What you need to do:
Note each line in the data below that holds "SUBTRACT", and copy it.

========

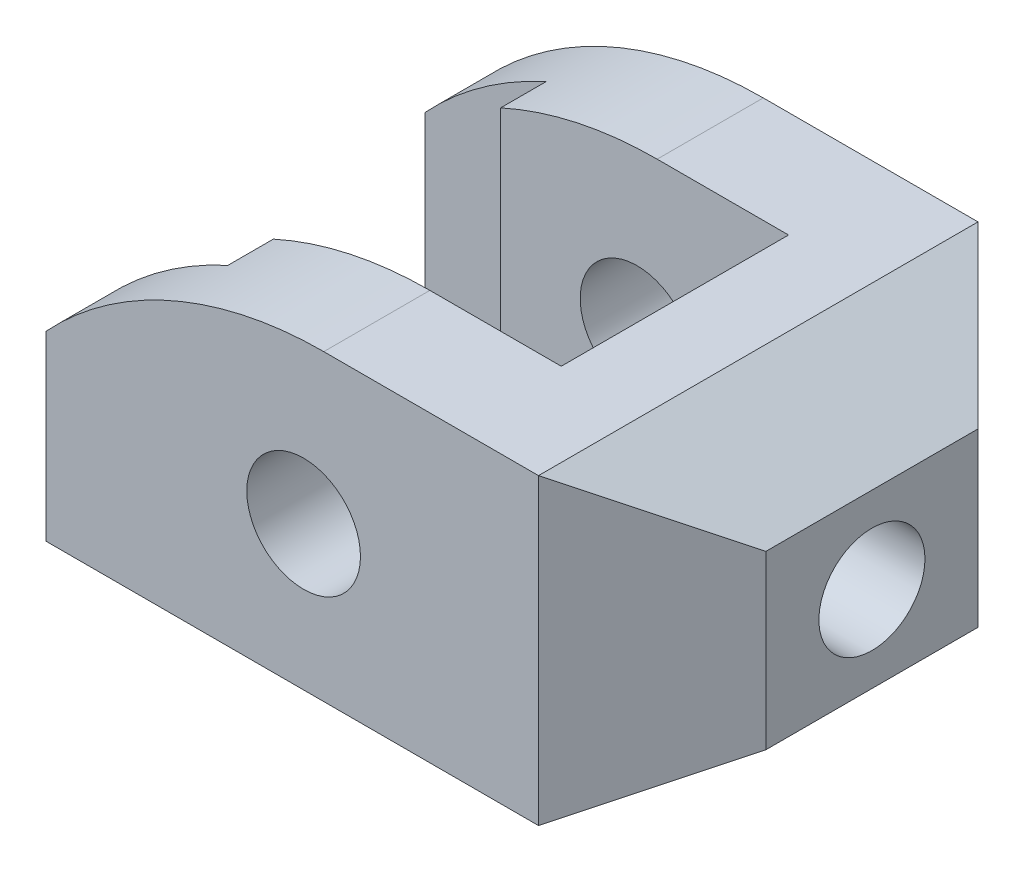
from build123d import *

# Parameters (mm, degrees)
SKETCH1_R                = 7.5
BOSS_EXTRUDE1_DEPTH      = 58
SKETCH5_R                = 7
CUT_EXTRUDE1_DEPTH       = 81
CUT_EXTRUDE3_DEPTH       = 22.0000001
CUT_EXTRUDE3_DEPTH_BACK  = 20
SKETCH7_W                = 16
SKETCH7_H                = 6
CUT_EXTRUDE5_DEPTH       = 22
CUT_EXTRUDE5_DEPTH_BACK  = 20
CUT_EXTRUDE14_DEPTH      = 24
CUT_EXTRUDE14_DEPTH_BACK = 24


with BuildPart() as part:
    # Sketch1 → Boss-Extrude1 (new body)
    with BuildSketch(Plane.XY):
        with BuildLine():
            Line((-34, -19), (31, -19))
            Line((31, -19), (46, -10.339745962))
            Line((46, -10.339745962), (46, 12.339745962))
            Line((46, 12.339745962), (31, 21))
            Line((31, 21), (2.66060556, 21))
            ThreePointArc((2.66060556, 21), (-17.33939444, 16.82575695), (-34, 5))
            Line((-34, 5), (-34, -19))
        make_face()
        Circle(SKETCH1_R, mode=Mode.SUBTRACT)
    extrude(amount=BOSS_EXTRUDE1_DEPTH)

    # Sketch5 → Cut-Extrude1 (cut, through all)
    with BuildSketch(Plane(origin=(46, 0, 0), x_dir=(0, 0, -1), z_dir=(1, 0, 0))):
        with Locations((-29, 1)):
            Circle(SKETCH5_R)
    extrude(amount=-CUT_EXTRUDE1_DEPTH, mode=Mode.SUBTRACT)

    # Sketch6 → Cut-Extrude3 (cut, two sides)
    with BuildSketch(Plane(origin=(0, 0, 0), x_dir=(1, 0, 0), z_dir=(0, 1, 0))) as cut_extrude3_sk:
        Polygon((-226.60339564, -14), (-34, -14), (20, -14), (20, -44), (-34, -44), (-226.60339564, -44), (-611.81018692, -44), (-611.81018692, -14), align=None)
    extrude(amount=CUT_EXTRUDE3_DEPTH, mode=Mode.SUBTRACT)
    extrude(cut_extrude3_sk.sketch, amount=-CUT_EXTRUDE3_DEPTH_BACK, mode=Mode.SUBTRACT)

    # Sketch7 → Cut-Extrude5 (cut, two sides)
    with BuildSketch(Plane(origin=(0, 0, 0), x_dir=(1, 0, 0), z_dir=(0, 1, 0))) as cut_extrude5_sk:
        with Locations((-26, -11)):
            Rectangle(SKETCH7_W, SKETCH7_H)
        with Locations((-26, -47)):
            Rectangle(SKETCH7_W, SKETCH7_H)
    extrude(amount=CUT_EXTRUDE5_DEPTH, mode=Mode.SUBTRACT)
    extrude(cut_extrude5_sk.sketch, amount=-CUT_EXTRUDE5_DEPTH_BACK, mode=Mode.SUBTRACT)

    # Sketch14 → Cut-Extrude14 (cut, two sides)
    with BuildSketch(Plane(origin=(0, 0, 0), x_dir=(1, 0, 0), z_dir=(0, 1, 0))) as cut_extrude14_sk:
        Polygon((31, 0), (46, 0), (46, -15), align=None)
        Polygon((31, -58), (46, -58), (46, -43), align=None)
    extrude(amount=CUT_EXTRUDE14_DEPTH, mode=Mode.SUBTRACT)
    extrude(cut_extrude14_sk.sketch, amount=-CUT_EXTRUDE14_DEPTH_BACK, mode=Mode.SUBTRACT)


solid = part.part

========

Response below:
        Circle(SKETCH1_R, mode=Mode.SUBTRACT)
    extrude(amount=-CUT_EXTRUDE1_DEPTH, mode=Mode.SUBTRACT)
    extrude(amount=CUT_EXTRUDE3_DEPTH, mode=Mode.SUBTRACT)
    extrude(cut_extrude3_sk.sketch, amount=-CUT_EXTRUDE3_DEPTH_BACK, mode=Mode.SUBTRACT)
    extrude(amount=CUT_EXTRUDE5_DEPTH, mode=Mode.SUBTRACT)
    extrude(cut_extrude5_sk.sketch, amount=-CUT_EXTRUDE5_DEPTH_BACK, mode=Mode.SUBTRACT)
    extrude(amount=CUT_EXTRUDE14_DEPTH, mode=Mode.SUBTRACT)
    extrude(cut_extrude14_sk.sketch, amount=-CUT_EXTRUDE14_DEPTH_BACK, mode=Mode.SUBTRACT)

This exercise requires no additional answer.